Jakushitsu Genkō 寂室元光 (Shōō 3 → 1290; Jōji 6 / Shōhei 22 / 1367-09-03 (= 1367-10-04 NS)), Late-Kamakura → Nanbokuchō Japanese Rinzai-Zen master, founder (開山) of Eigen-ji 永源寺 at Mount Zuiseki-zan 瑞石山 in Ōmi 近江 (modern Higashi-Ōmi, Shiga), the head temple of the present-day Eigen-ji-ha 永源寺派 sub-school. Style-name (字) Jakushitsu 寂室; dharma-name Genkō 元光. Multiple posthumous titles culminating in Engai Hōzan Kokushi 圓鑑大師 / En’ō Zenji 圓應禪師. Native of Mimasaka 美作 province (modern Okayama).

Tonsured under Yakuō Tokken 約翁徳儉; received Yakuō’s transmission. Travelled to Yuán China in Genkō 1 / 1320 with his older dharma-brother Mukyoku Shigen 無極志玄, settling at Tiānmùshān 天目山 under Zhōngfēng Míngběn 明本 (1263–1323). Míngběn certified him with the Yánshì jiābǎo 巖室家寶 (“treasure of the cliff-room”) inscription, the source of his dharma-name. Returned to Japan in Karyaku 1 / 1326.

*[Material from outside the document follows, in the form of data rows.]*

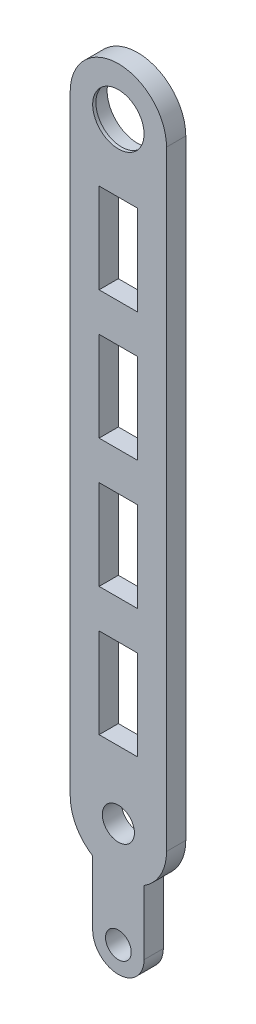
ISO-10303-21;
HEADER;
FILE_DESCRIPTION(('STEP AP214'),'2;1');
FILE_NAME('part.step','',(''),(''),'','','');
FILE_SCHEMA(('AUTOMOTIVE_DESIGN { 1 0 10303 214 1 1 1 1 }'));
ENDSEC;
DATA;
#1=APPLICATION_CONTEXT('core data for automotive mechanical design processes');
#2=APPLICATION_PROTOCOL_DEFINITION('international standard','automotive_design',2000,#1);
#3=PRODUCT_CONTEXT('',#1,'mechanical');
#4=PRODUCT('Part','Part','',(#3));
#5=PRODUCT_RELATED_PRODUCT_CATEGORY('part','',(#4));
#6=PRODUCT_DEFINITION_FORMATION('','',#4);
#7=PRODUCT_DEFINITION_CONTEXT('part definition',#1,'design');
#8=PRODUCT_DEFINITION('design','',#6,#7);
#9=PRODUCT_DEFINITION_SHAPE('','',#8);
#10=(LENGTH_UNIT() NAMED_UNIT(*) SI_UNIT(.MILLI.,.METRE.));
#11=(NAMED_UNIT(*) PLANE_ANGLE_UNIT() SI_UNIT($,.RADIAN.));
#12=(NAMED_UNIT(*) SI_UNIT($,.STERADIAN.) SOLID_ANGLE_UNIT());
#13=UNCERTAINTY_MEASURE_WITH_UNIT(LENGTH_MEASURE(1.E-05),#10,'distance_accuracy_value','');
#14=(GEOMETRIC_REPRESENTATION_CONTEXT(3) GLOBAL_UNCERTAINTY_ASSIGNED_CONTEXT((#13)) GLOBAL_UNIT_ASSIGNED_CONTEXT((#10,
#11,#12)) REPRESENTATION_CONTEXT('',''));
#15=CARTESIAN_POINT('',(0.,0.,0.));
#16=DIRECTION('',(0.,0.,1.));
#17=DIRECTION('',(1.,0.,0.));
#18=AXIS2_PLACEMENT_3D('',#15,#16,#17);
#19=CARTESIAN_POINT('',(0.,95.,6.));
#20=DIRECTION('',(0.,0.,-1.));
#21=DIRECTION('',(-1.,0.,0.));
#22=AXIS2_PLACEMENT_3D('',#19,#20,#21);
#23=CYLINDRICAL_SURFACE('',#22,9.5);
#24=CARTESIAN_POINT('',(0.,95.,0.));
#25=DIRECTION('',(0.,0.,1.));
#26=DIRECTION('',(1.,0.,0.));
#27=AXIS2_PLACEMENT_3D('',#24,#25,#26);
#28=CIRCLE('',#27,9.5);
#29=CARTESIAN_POINT('',(9.5,95.,0.));
#30=VERTEX_POINT('',#29);
#31=EDGE_CURVE('E350',#30,#30,#28,.T.);
#32=ORIENTED_EDGE('',*,*,#31,.F.);
#33=EDGE_LOOP('',(#32));
#34=FACE_BOUND('',#33,.T.);
#35=CARTESIAN_POINT('',(0.,95.,5.));
#36=DIRECTION('',(0.,0.,1.));
#37=DIRECTION('',(1.,0.,0.));
#38=AXIS2_PLACEMENT_3D('',#35,#36,#37);
#39=CIRCLE('',#38,9.5);
#40=CARTESIAN_POINT('',(9.5,95.,5.));
#41=VERTEX_POINT('',#40);
#42=EDGE_CURVE('E231',#41,#41,#39,.T.);
#43=ORIENTED_EDGE('',*,*,#42,.T.);
#44=EDGE_LOOP('',(#43));
#45=FACE_BOUND('',#44,.T.);
#46=ADVANCED_FACE('F43',(#34,#45),#23,.F.);
#47=CARTESIAN_POINT('',(0.,95.,6.));
#48=DIRECTION('',(0.,0.,1.));
#49=DIRECTION('',(1.,0.,0.));
#50=AXIS2_PLACEMENT_3D('',#47,#48,#49);
#51=PLANE('',#50);
#52=DIRECTION('',(0.,1.,0.));
#53=VECTOR('',#52,1.);
#54=CARTESIAN_POINT('',(6.00000000000322,74.,6.));
#55=LINE('',#54,#53);
#56=CARTESIAN_POINT('',(6.00000000000323,46.,6.));
#57=VERTEX_POINT('',#56);
#58=CARTESIAN_POINT('',(6.00000000000322,74.,6.));
#59=VERTEX_POINT('',#58);
#60=EDGE_CURVE('E58',#57,#59,#55,.T.);
#61=ORIENTED_EDGE('',*,*,#60,.F.);
#62=DIRECTION('',(1.,0.,0.));
#63=VECTOR('',#62,1.);
#64=CARTESIAN_POINT('',(-5.99999999999678,46.,6.));
#65=LINE('',#64,#63);
#66=CARTESIAN_POINT('',(-5.99999999999678,46.,6.));
#67=VERTEX_POINT('',#66);
#68=EDGE_CURVE('E225',#67,#57,#65,.T.);
#69=ORIENTED_EDGE('',*,*,#68,.F.);
#70=DIRECTION('',(0.,-1.,0.));
#71=VECTOR('',#70,1.);
#72=CARTESIAN_POINT('',(-5.99999999999678,74.,6.));
#73=LINE('',#72,#71);
#74=CARTESIAN_POINT('',(-5.99999999999678,74.,6.));
#75=VERTEX_POINT('',#74);
#76=EDGE_CURVE('E228',#75,#67,#73,.T.);
#77=ORIENTED_EDGE('',*,*,#76,.F.);
#78=DIRECTION('',(-1.,0.,0.));
#79=VECTOR('',#78,1.);
#80=CARTESIAN_POINT('',(-5.99999999999678,74.,6.));
#81=LINE('',#80,#79);
#82=EDGE_CURVE('E237',#59,#75,#81,.T.);
#83=ORIENTED_EDGE('',*,*,#82,.F.);
#84=EDGE_LOOP('',(#61,#69,#77,#83));
#85=FACE_BOUND('',#84,.T.);
#86=DIRECTION('',(0.,1.,0.));
#87=VECTOR('',#86,1.);
#88=CARTESIAN_POINT('',(6.00000000000343,34.,6.));
#89=LINE('',#88,#87);
#90=CARTESIAN_POINT('',(6.00000000000343,5.99999999999989,6.));
#91=VERTEX_POINT('',#90);
#92=CARTESIAN_POINT('',(6.00000000000343,34.,6.));
#93=VERTEX_POINT('',#92);
#94=EDGE_CURVE('E66',#91,#93,#89,.T.);
#95=ORIENTED_EDGE('',*,*,#94,.F.);
#96=DIRECTION('',(1.,0.,0.));
#97=VECTOR('',#96,1.);
#98=CARTESIAN_POINT('',(-5.99999999999657,5.99999999999989,6.));
#99=LINE('',#98,#97);
#100=CARTESIAN_POINT('',(-5.99999999999657,5.99999999999989,6.));
#101=VERTEX_POINT('',#100);
#102=EDGE_CURVE('E252',#101,#91,#99,.T.);
#103=ORIENTED_EDGE('',*,*,#102,.F.);
#104=DIRECTION('',(0.,-1.,0.));
#105=VECTOR('',#104,1.);
#106=CARTESIAN_POINT('',(-5.99999999999657,34.,6.));
#107=LINE('',#106,#105);
#108=CARTESIAN_POINT('',(-5.99999999999657,34.,6.));
#109=VERTEX_POINT('',#108);
#110=EDGE_CURVE('E267',#109,#101,#107,.T.);
#111=ORIENTED_EDGE('',*,*,#110,.F.);
#112=DIRECTION('',(-1.,0.,0.));
#113=VECTOR('',#112,1.);
#114=CARTESIAN_POINT('',(-5.99999999999657,34.,6.));
#115=LINE('',#114,#113);
#116=EDGE_CURVE('E263',#93,#109,#115,.T.);
#117=ORIENTED_EDGE('',*,*,#116,.F.);
#118=EDGE_LOOP('',(#95,#103,#111,#117));
#119=FACE_BOUND('',#118,.T.);
#120=DIRECTION('',(0.,1.,0.));
#121=VECTOR('',#120,1.);
#122=CARTESIAN_POINT('',(6.00000000000325,-6.00000000000011,6.));
#123=LINE('',#122,#121);
#124=CARTESIAN_POINT('',(6.00000000000326,-34.,6.));
#125=VERTEX_POINT('',#124);
#126=CARTESIAN_POINT('',(6.00000000000325,-6.0000000000001,6.));
#127=VERTEX_POINT('',#126);
#128=EDGE_CURVE('E292',#125,#127,#123,.T.);
#129=ORIENTED_EDGE('',*,*,#128,.F.);
#130=DIRECTION('',(1.,0.,0.));
#131=VECTOR('',#130,1.);
#132=CARTESIAN_POINT('',(-5.99999999999675,-34.,6.));
#133=LINE('',#132,#131);
#134=CARTESIAN_POINT('',(-5.99999999999675,-34.,6.));
#135=VERTEX_POINT('',#134);
#136=EDGE_CURVE('E282',#135,#125,#133,.T.);
#137=ORIENTED_EDGE('',*,*,#136,.F.);
#138=DIRECTION('',(0.,-1.,0.));
#139=VECTOR('',#138,1.);
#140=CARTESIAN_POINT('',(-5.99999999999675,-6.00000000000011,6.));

For the next forty years he refused all major appointments — declining the abbacy of Tenryū-ji and other Five-Mountain temples — and lived in successive mountain hermitages in Iyo, Bingo, and finally Ōmi. In Bunna 1 / 1352, at age 63, he accepted the foundation of Eigen-ji from Sasaki Ujiyori 佐々木氏頼 (1326–1370), the shugo of Ōmi. Died at Eigen-ji in 1367 aged 78. The Eigen-ji-ha is one of the fourteen present-day Rinzai sub-schools and the principal Japanese channel for Zhōngfēng Míngběn’s Mid-Phoenix Chan.